EXERCISE BRIEF => Please repeat, exactly and with nothing extra, the line containing "Integrator1 : Integrator" and every line after it up to the end of the material.

GIVEN INFORMATION =>

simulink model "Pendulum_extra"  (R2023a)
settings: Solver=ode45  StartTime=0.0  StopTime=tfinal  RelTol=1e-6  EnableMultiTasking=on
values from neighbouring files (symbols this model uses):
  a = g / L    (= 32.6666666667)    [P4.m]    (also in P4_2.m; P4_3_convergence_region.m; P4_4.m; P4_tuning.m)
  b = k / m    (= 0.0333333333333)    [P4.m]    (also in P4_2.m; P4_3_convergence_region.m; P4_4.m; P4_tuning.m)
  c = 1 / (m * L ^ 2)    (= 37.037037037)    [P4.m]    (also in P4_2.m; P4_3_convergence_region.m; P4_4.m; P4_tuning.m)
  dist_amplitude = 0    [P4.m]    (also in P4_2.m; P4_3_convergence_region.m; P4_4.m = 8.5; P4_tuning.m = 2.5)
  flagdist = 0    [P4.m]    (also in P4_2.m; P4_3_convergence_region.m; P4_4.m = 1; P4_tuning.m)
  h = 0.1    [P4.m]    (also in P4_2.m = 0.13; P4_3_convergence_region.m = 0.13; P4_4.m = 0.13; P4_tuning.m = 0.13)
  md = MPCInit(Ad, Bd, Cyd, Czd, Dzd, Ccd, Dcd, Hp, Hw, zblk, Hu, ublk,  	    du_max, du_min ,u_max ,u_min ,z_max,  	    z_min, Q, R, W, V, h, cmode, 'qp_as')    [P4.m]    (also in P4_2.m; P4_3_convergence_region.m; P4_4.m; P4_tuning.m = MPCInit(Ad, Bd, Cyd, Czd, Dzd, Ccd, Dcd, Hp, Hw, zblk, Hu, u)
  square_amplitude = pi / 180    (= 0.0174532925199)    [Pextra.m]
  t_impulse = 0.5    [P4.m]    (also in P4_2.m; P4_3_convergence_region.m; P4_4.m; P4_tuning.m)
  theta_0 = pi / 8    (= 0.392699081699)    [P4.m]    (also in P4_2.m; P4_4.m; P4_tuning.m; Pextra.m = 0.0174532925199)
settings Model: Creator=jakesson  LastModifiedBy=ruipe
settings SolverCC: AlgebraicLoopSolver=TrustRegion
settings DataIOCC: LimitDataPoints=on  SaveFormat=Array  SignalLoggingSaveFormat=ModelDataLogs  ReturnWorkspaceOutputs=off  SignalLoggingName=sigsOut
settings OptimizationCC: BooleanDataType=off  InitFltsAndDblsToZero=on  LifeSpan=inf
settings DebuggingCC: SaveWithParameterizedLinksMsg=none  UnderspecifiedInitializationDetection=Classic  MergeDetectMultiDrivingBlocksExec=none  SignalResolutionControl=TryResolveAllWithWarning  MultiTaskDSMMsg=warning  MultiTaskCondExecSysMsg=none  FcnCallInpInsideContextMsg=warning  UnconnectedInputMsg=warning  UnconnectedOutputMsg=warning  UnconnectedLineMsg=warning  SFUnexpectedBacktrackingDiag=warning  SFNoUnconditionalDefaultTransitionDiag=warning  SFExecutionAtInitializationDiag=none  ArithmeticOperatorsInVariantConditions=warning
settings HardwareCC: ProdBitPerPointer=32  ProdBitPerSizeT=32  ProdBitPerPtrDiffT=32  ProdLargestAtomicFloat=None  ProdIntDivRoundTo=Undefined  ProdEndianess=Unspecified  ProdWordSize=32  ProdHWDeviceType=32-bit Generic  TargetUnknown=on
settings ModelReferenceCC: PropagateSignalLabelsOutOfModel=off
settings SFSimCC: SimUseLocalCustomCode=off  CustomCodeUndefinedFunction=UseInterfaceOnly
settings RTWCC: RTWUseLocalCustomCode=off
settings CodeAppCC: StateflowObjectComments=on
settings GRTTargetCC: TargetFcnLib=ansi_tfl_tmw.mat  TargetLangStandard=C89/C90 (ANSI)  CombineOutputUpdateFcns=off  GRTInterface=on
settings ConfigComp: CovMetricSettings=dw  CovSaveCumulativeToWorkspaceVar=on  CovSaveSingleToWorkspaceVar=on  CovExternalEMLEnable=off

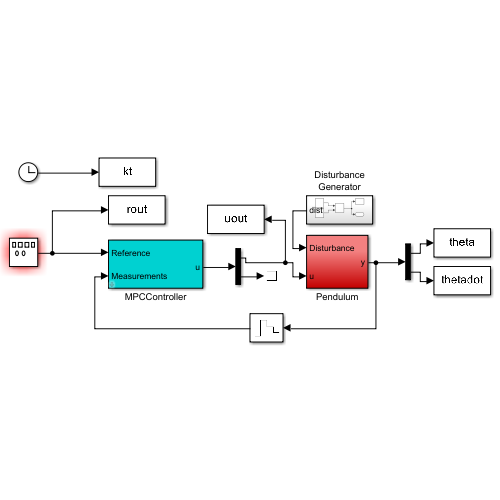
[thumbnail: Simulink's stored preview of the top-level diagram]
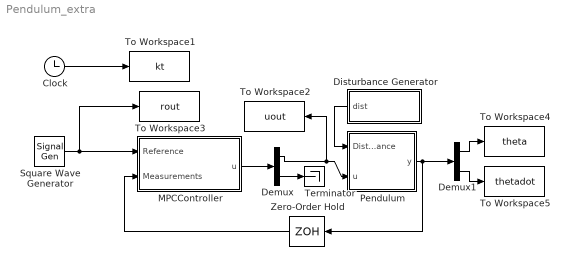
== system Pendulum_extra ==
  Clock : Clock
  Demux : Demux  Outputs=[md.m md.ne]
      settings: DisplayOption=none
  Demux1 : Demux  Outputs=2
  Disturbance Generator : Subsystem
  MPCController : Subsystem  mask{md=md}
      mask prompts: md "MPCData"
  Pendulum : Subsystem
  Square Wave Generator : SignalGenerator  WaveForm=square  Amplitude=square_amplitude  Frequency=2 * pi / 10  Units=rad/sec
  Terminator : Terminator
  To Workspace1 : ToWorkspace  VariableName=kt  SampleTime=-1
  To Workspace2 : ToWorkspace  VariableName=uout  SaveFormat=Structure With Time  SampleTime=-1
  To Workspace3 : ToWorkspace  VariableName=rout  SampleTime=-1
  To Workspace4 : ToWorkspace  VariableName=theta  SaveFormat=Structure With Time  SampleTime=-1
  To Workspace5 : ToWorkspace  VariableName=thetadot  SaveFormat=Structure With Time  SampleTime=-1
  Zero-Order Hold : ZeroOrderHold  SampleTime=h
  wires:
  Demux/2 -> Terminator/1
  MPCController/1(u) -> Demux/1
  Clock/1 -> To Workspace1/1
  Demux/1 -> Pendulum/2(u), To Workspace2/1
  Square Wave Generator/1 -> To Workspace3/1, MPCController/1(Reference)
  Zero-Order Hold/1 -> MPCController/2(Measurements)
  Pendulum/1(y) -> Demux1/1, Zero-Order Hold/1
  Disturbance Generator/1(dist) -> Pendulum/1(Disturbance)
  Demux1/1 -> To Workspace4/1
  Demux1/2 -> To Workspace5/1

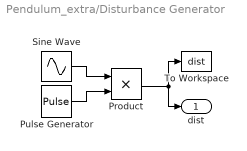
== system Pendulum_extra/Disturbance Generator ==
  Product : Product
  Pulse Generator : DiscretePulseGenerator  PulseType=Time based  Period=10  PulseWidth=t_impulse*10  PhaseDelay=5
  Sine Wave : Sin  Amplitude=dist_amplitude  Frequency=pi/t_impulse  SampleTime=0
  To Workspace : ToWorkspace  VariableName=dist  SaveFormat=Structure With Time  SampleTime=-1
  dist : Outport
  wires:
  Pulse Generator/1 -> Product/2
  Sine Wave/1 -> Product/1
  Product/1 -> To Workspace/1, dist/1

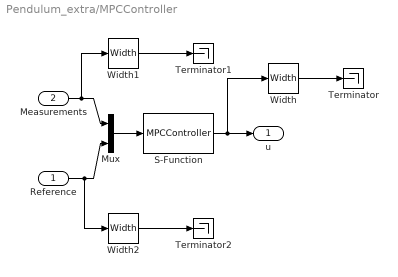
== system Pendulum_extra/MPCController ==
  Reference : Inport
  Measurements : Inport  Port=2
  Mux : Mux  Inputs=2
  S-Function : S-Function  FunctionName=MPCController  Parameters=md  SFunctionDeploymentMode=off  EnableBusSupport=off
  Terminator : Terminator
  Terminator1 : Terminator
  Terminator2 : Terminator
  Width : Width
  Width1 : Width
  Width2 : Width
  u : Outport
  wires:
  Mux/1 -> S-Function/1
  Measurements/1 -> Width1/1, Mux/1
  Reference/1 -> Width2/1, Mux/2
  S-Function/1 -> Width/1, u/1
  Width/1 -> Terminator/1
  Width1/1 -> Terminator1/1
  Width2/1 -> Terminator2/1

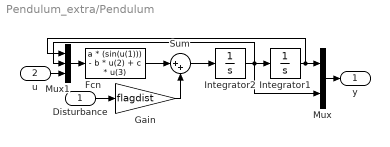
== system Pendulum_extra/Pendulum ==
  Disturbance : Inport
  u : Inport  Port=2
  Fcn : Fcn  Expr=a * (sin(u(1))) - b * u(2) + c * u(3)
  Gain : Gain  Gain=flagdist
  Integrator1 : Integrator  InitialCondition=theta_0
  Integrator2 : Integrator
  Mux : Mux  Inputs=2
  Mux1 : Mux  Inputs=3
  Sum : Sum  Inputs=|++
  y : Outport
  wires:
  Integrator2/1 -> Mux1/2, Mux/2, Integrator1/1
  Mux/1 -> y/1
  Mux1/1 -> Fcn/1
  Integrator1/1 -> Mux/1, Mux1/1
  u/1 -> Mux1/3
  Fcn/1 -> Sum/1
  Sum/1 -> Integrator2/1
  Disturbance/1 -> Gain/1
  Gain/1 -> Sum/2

RESPONSE TO THE EXERCISE =>
  Integrator1 : Integrator  InitialCondition=theta_0
  Integrator2 : Integrator
  Mux : Mux  Inputs=2
  Mux1 : Mux  Inputs=3
  Sum : Sum  Inputs=|++
  y : Outport
  wires:
  Integrator2/1 -> Mux1/2, Mux/2, Integrator1/1
  Mux/1 -> y/1
  Mux1/1 -> Fcn/1
  Integrator1/1 -> Mux/1, Mux1/1
  u/1 -> Mux1/3
  Fcn/1 -> Sum/1
  Sum/1 -> Integrator2/1
  Disturbance/1 -> Gain/1
  Gain/1 -> Sum/2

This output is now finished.